Iowas Gouverneur Chet Culver freut sich laut Mitteilung über drei Dinge, die IBM mitbringe: Jobs, Jobs und Jobs. Dubuques Bürgermeister Roy Buol zeigt sich begeistert darüber, dass die Nachhaltigkeitsinitiative der 60.000-Einwohner-Stadt für die Auswahl des neuen IBM-Standorts eine Rolle spielt. Mit dem Roshek Building im Zentrum der Stadt – einem ehemaligen Kaufhaus – werde historische Bausubstanz bewahrt, einem neuen Verwendungszweck zugeführt und die Kommune wiederbelebt.

IBM hat nach eigenen Angaben Dubuque als Standort ausgesucht vor allem wegen der starken Zusammenarbeit zwischen dem Unternehmen und der öffentlichen Hand. In dem Dreistaatendreieck Iowa, Illinois und Wisconsin will IBM mit Hochschulen zusammenarbeiten, dort Fachkräfte rekrutieren und dazu beitragen, die Ausbildung zu verbessern.
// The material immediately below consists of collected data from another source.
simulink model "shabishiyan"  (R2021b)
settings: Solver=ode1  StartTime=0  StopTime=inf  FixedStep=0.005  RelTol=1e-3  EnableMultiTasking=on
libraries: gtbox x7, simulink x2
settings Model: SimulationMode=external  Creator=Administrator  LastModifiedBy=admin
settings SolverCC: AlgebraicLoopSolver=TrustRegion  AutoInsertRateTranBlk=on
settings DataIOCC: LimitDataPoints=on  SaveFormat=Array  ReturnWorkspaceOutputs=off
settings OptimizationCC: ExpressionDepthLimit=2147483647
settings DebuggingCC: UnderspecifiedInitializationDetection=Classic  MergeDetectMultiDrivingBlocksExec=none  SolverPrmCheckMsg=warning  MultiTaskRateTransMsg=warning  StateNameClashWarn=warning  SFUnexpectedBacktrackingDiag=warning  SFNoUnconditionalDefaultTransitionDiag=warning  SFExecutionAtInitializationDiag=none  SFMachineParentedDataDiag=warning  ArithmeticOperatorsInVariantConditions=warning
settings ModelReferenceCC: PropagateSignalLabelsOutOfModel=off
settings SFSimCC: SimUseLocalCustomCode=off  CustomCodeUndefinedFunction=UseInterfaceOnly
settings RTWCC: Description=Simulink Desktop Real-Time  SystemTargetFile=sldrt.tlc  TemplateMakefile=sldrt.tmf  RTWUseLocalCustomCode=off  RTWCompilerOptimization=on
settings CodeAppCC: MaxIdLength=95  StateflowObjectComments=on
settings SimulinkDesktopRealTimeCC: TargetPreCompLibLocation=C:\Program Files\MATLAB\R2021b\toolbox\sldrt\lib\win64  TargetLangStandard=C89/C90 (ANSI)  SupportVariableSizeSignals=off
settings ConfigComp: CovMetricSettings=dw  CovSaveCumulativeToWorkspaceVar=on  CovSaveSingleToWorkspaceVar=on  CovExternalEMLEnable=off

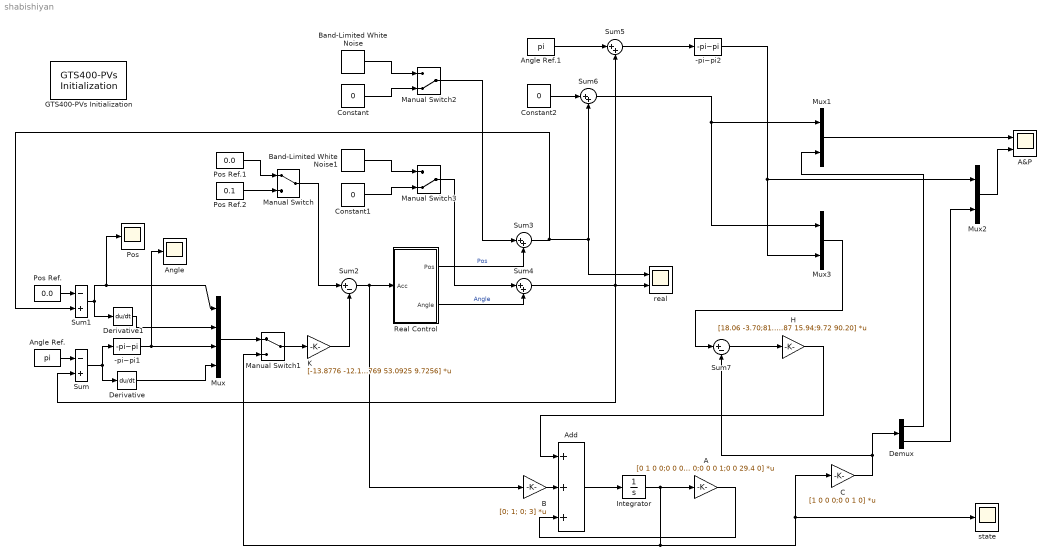
== system shabishiyan ==
  " -pi~pi1" : gtbox/GT-400-SV Function Blocks/ -pi~pi  Priority=1
      settings: SourceProductName=Googol Education Products v2.0
  " -pi~pi2" : gtbox/GT-400-SV Function Blocks/ -pi~pi  Priority=1
      settings: SourceProductName=Googol Education Products v2.0
  A : Gain  Gain=[0 1 0 0;0 0 0 0;0 0 0 1;0 0 29.4 0]  Multiplication=Matrix(K*u)
  A&P : Scope  NumInputPorts=2
  Add : Sum  Inputs=+++
  Angle : Scope
  Angle Ref. : Constant  Value=pi
  Angle Ref.1 : Constant  Value=pi
  B : Gain  Gain=[0; 1; 0; 3]  Multiplication=Matrix(K*u)
  Band-Limited White Noise : simulink/Sources/Band-Limited White Noise  Cov=[0.00001]  Ts=0.1  seed=[23341]
  Band-Limited White Noise1 : simulink/Sources/Band-Limited White Noise  Cov=[0.00001]  Ts=0.1  seed=[23341]
  C : Gain  Gain=[1 0 0 0;0 0 1 0]  Multiplication=Matrix(K*u)
  Constant : Constant  Value=0
  Constant1 : Constant  Value=0
  Constant2 : Constant  Value=0
  Demux : Demux  Outputs=2
  Derivative : Derivative
  Derivative1 : Derivative
  GTS400-PVs Initialization : gtbox/GTS-400-PV Function Blocks/GTS400-PVs Initialization  Priority=0  open=0  mode=0  servo=[1 0 0 0]  aft=[0 0 0 0]  pid1=[4.5 0 10]  pid2=[1 0 0]  pid3=[1 0 0]  pid4=[1 0 0]  enc1=on  enc2=on  enc3=on  enc4=on  lmt1=off  lmt2=off  lmt3=off  lmt4=off  cdno=1
      settings: SourceProductName=Googol Education Products v2.0
  H : Gain  Gain=[18.06 -3.70;81.37 -29.22;1.87 15.94;9.72 90.20]  Multiplication=Matrix(K*u)
  Integrator : Integrator
  K : Gain  Gain=[-13.8776 -12.1769 53.0925 9.7256]  Multiplication=Matrix(K*u)
  Manual Switch : ManualSwitch
  Manual Switch1 : ManualSwitch
  Manual Switch2 : ManualSwitch  CurrentSetting=0
  Manual Switch3 : ManualSwitch  CurrentSetting=0
  Mux : Mux
  Mux1 : Mux  Inputs=2
  Mux2 : Mux  Inputs=2
  Mux3 : Mux  Inputs=2
  Pos : Scope
  Pos Ref. : Constant  Value=0.0
  Pos Ref.1 : Constant  Value=0.0
  Pos Ref.2 : Constant  Value=0.1
  Real Control : Subsystem
  Sum : Sum  Inputs=-+  SaturateOnIntegerOverflow=on
  Sum1 : Sum  Inputs=-+  SaturateOnIntegerOverflow=on
  Sum2 : Sum  Inputs=|+-
  Sum{3..6} (4 alike) : Sum  Inputs=|++
  Sum7 : Sum  Inputs=|+-
  real : Scope  NumInputPorts=2
  state : Scope
  wires:
  Mux/1 -> Manual Switch1/1
  Sum/1 -> " -pi~pi1"/1, Derivative/1
  Derivative1/1 -> Mux/2
  Sum4/1 -> Sum5/2, real/2, Sum/2
  Derivative/1 -> Mux/4
  Sum3/1 -> real/1, Sum6/2, Sum1/2
  Pos Ref./1 -> Sum1/1
  Angle Ref./1 -> Sum/1
  " -pi~pi1"/1 -> Mux/3, Angle/1
  Sum1/1 -> Derivative1/1, Mux/1, Pos/1
  Pos Ref.1/1 -> Manual Switch/1
  Pos Ref.2/1 -> Manual Switch/2
  Manual Switch1/1 -> K/1
  Manual Switch/1 -> Sum2/1
  K/1 -> Sum2/2
  Band-Limited White Noise/1 -> Manual Switch2/1
  Constant/1 -> Manual Switch2/2
  Constant1/1 -> Manual Switch3/2
  Band-Limited White Noise1/1 -> Manual Switch3/1
  Manual Switch2/1 -> Sum3/1
  Real Control/1(Pos) -> Sum3/2  "Pos"
  Manual Switch3/1 -> Sum4/1
  Real Control/2(Angle) -> Sum4/2  "Angle"
  Constant2/1 -> Sum6/1
  Angle Ref.1/1 -> Sum5/1
  Sum5/1 -> " -pi~pi2"/1
  Sum6/1 -> Mux3/1, Mux1/1
  " -pi~pi2"/1 -> Mux3/2, Mux2/1
  Mux1/1 -> A&P/1
  Mux2/1 -> A&P/2
  Add/1 -> Integrator/1
  Mux3/1 -> Sum7/1
  Sum7/1 -> H/1
  H/1 -> Add/1
  B/1 -> Add/2
  Sum2/1 -> Real Control/1(Acc), B/1
  Integrator/1 -> C/1, state/1, Manual Switch1/2, A/1
  A/1 -> Add/3
  C/1 -> Demux/1, Sum7/2
  Demux/1 -> Mux1/2
  Demux/2 -> Mux2/2

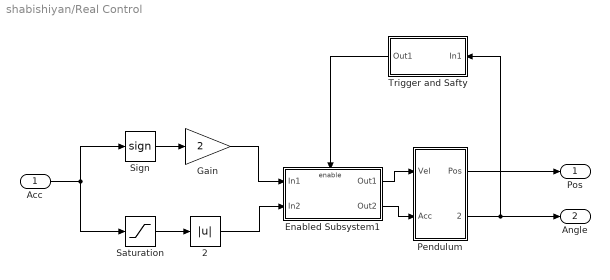
== system shabishiyan/Real Control ==
  Acc : Inport
  " 2" : Abs  SaturateOnIntegerOverflow=on
  Enabled Subsystem1 : Subsystem  TreatAsAtomicUnit=on
  Gain : Gain  Gain=2  SaturateOnIntegerOverflow=on  OutDataTypeStr=Inherit: Same as input  ParamDataTypeStr=Inherit: Same as input
  Pendulum : Subsystem
  Saturation : Saturate  UpperLimit=50  LowerLimit=-50
  Sign : Signum
  Trigger and Safty : Subsystem
  Pos : Outport
  Angle : Outport  Port=2
  wires:
  " 2"/1 -> Enabled Subsystem1/2(In2)
  Gain/1 -> Enabled Subsystem1/1(In1)
  Saturation/1 -> " 2"/1
  Pendulum/1(Pos) -> Pos/1
  Pendulum/2(Angle) -> Angle/1, Trigger and Safty/1(In1)
  Sign/1 -> Gain/1
  Acc/1 -> Sign/1, Saturation/1
  Trigger and Safty/1(Out1) -> Enabled Subsystem1/Enable
  Enabled Subsystem1/1(Out1) -> Pendulum/1(Vel)
  Enabled Subsystem1/2(Out2) -> Pendulum/2(Acc)

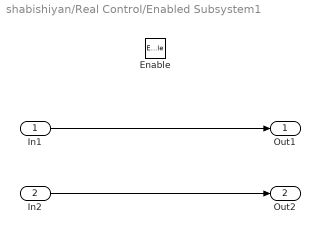
== system shabishiyan/Real Control/Enabled Subsystem1 ==
  In1 : Inport
  In2 : Inport  Port=2
  Enable : EnablePort
  Out1 : Outport
  Out2 : Outport  Port=2
  wires:
  In2/1 -> Out2/1
  In1/1 -> Out1/1

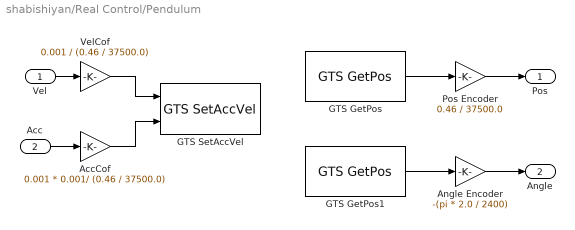
== system shabishiyan/Real Control/Pendulum ==
  Vel : Inport
  Acc : Inport  Port=2
  AccCof : Gain  Gain=0.001 * 0.001/ (0.46 / 37500.0)  SaturateOnIntegerOverflow=on  OutDataTypeStr=Inherit: Same as input  ParamDataTypeStr=Inherit: Same as input
  Angle Encoder : Gain  Gain=-(pi * 2.0 / 2400)  SaturateOnIntegerOverflow=on  OutDataTypeStr=Inherit: Same as input  ParamDataTypeStr=Inherit: Same as input
  GTS GetPos : gtbox/GTS-400-PV Function Blocks/GTS GetPos  Priority=1  axis=1
      settings: SourceProductName=Googol Education Products v2.0
  GTS GetPos1 : gtbox/GTS-400-PV Function Blocks/GTS GetPos  Priority=1  axis=2
      settings: SourceProductName=Googol Education Products v2.0
  GTS SetAccVel : gtbox/GTS-400-PV Function Blocks/GTS SetAccVel  Priority=1  Axis=1  vel=0.1  pos=50000  limit=0
      settings: SourceProductName=Googol Education Products v2.0
  Pos Encoder : Gain  Gain=0.46 / 37500.0  SaturateOnIntegerOverflow=on  OutDataTypeStr=Inherit: Same as input  ParamDataTypeStr=Inherit: Same as input
  VelCof : Gain  Gain=0.001 / (0.46 / 37500.0)  SaturateOnIntegerOverflow=on  OutDataTypeStr=Inherit: Same as input  ParamDataTypeStr=Inherit: Same as input
  Pos : Outport
  Angle : Outport  Port=2
  wires:
  Angle Encoder/1 -> Angle/1
  Pos Encoder/1 -> Pos/1
  GTS GetPos1/1 -> Angle Encoder/1
  Acc/1 -> AccCof/1
  Vel/1 -> VelCof/1
  GTS GetPos/1 -> Pos Encoder/1
  AccCof/1 -> GTS SetAccVel/2
  VelCof/1 -> GTS SetAccVel/1

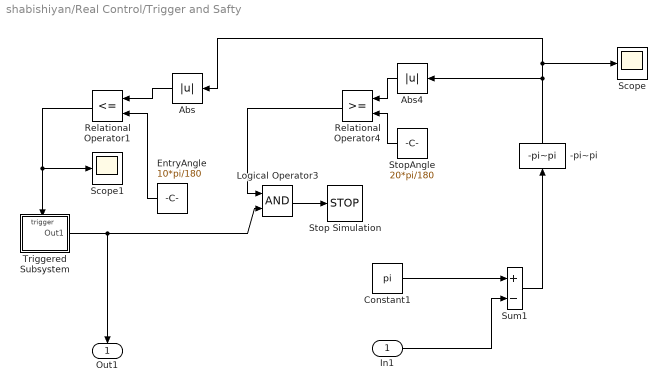
== system shabishiyan/Real Control/Trigger and Safty ==
  In1 : Inport
  " -pi~pi" : gtbox/GT-400-SV Function Blocks/ -pi~pi
      settings: SourceProductName=Googol Education Products v2.0
  Abs : Abs  SaturateOnIntegerOverflow=on
  Abs4 : Abs  SaturateOnIntegerOverflow=on
  Constant1 : Constant  Value=pi
  EntryAngle : Constant  Value=10*pi/180
  Logical Operator3 : Logic  AllPortsSameDT=off
  Relational Operator1 : RelationalOperator  Operator=<=  RndMeth=Nearest
  Relational Operator4 : RelationalOperator  RndMeth=Nearest
  Scope : Scope
  Scope1 : Scope
  Stop Simulation : Stop
  StopAngle : Constant  Value=20*pi/180
  Sum1 : Sum  Inputs=+-  SaturateOnIntegerOverflow=on
  Triggered Subsystem : Subsystem  TreatAsAtomicUnit=on
  Out1 : Outport
  wires:
  Relational Operator4/1 -> Logical Operator3/1
  StopAngle/1 -> Relational Operator4/2
  Abs4/1 -> Relational Operator4/1
  Abs/1 -> Relational Operator1/1
  EntryAngle/1 -> Relational Operator1/2
  Relational Operator1/1 -> Scope1/1, Triggered Subsystem/Trigger
  Triggered Subsystem/1(Out1) -> Logical Operator3/2, Out1/1
  Logical Operator3/1 -> Stop Simulation/1
  " -pi~pi"/1 -> Abs4/1, Scope/1, Abs/1
  Constant1/1 -> Sum1/1
  In1/1 -> Sum1/2
  Sum1/1 -> " -pi~pi"/1

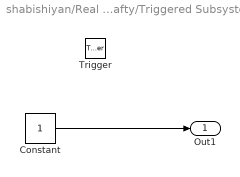
== system shabishiyan/Real Control/Trigger and Safty/Triggered Subsystem ==
  Trigger : TriggerPort  VariantControl=(inherit)
  Constant : Constant
  Out1 : Outport  InitialOutput=0
  wires:
  Constant/1 -> Out1/1

Allerdings wird das Engagement des IT-Riesen auch finanziell schmackhaft gemacht.

Mike Blouin, Präsident der Greater Dubuque Development Corp. spricht laut Wall Street Journal von einem 55-Millionen-Paket einschließlich eines Darlehens des Bundesstaats in Höhe von 11,7 Millionen US-Dollar, das IBM erlassen wird, wenn die neu geschaffenen Arbeitsplätze mindestens zwei Jahre gehalten würden. Hochschulen überlassen IBM 10 Millionen US-Dollar an Mitteln für Ausbildung seiner Mitarbeiter. Außerdem bürgt die Regierung für einen 25-Millionen-Kredit, der einer örtlichen Non-Profit-Gruppe für die Renovierung des geplanten Standorts bereitgestellt werden sollen. Dazu komme eine "äußerst günstige" Miete sowie Steuervergünstigungen für IBM. (anw)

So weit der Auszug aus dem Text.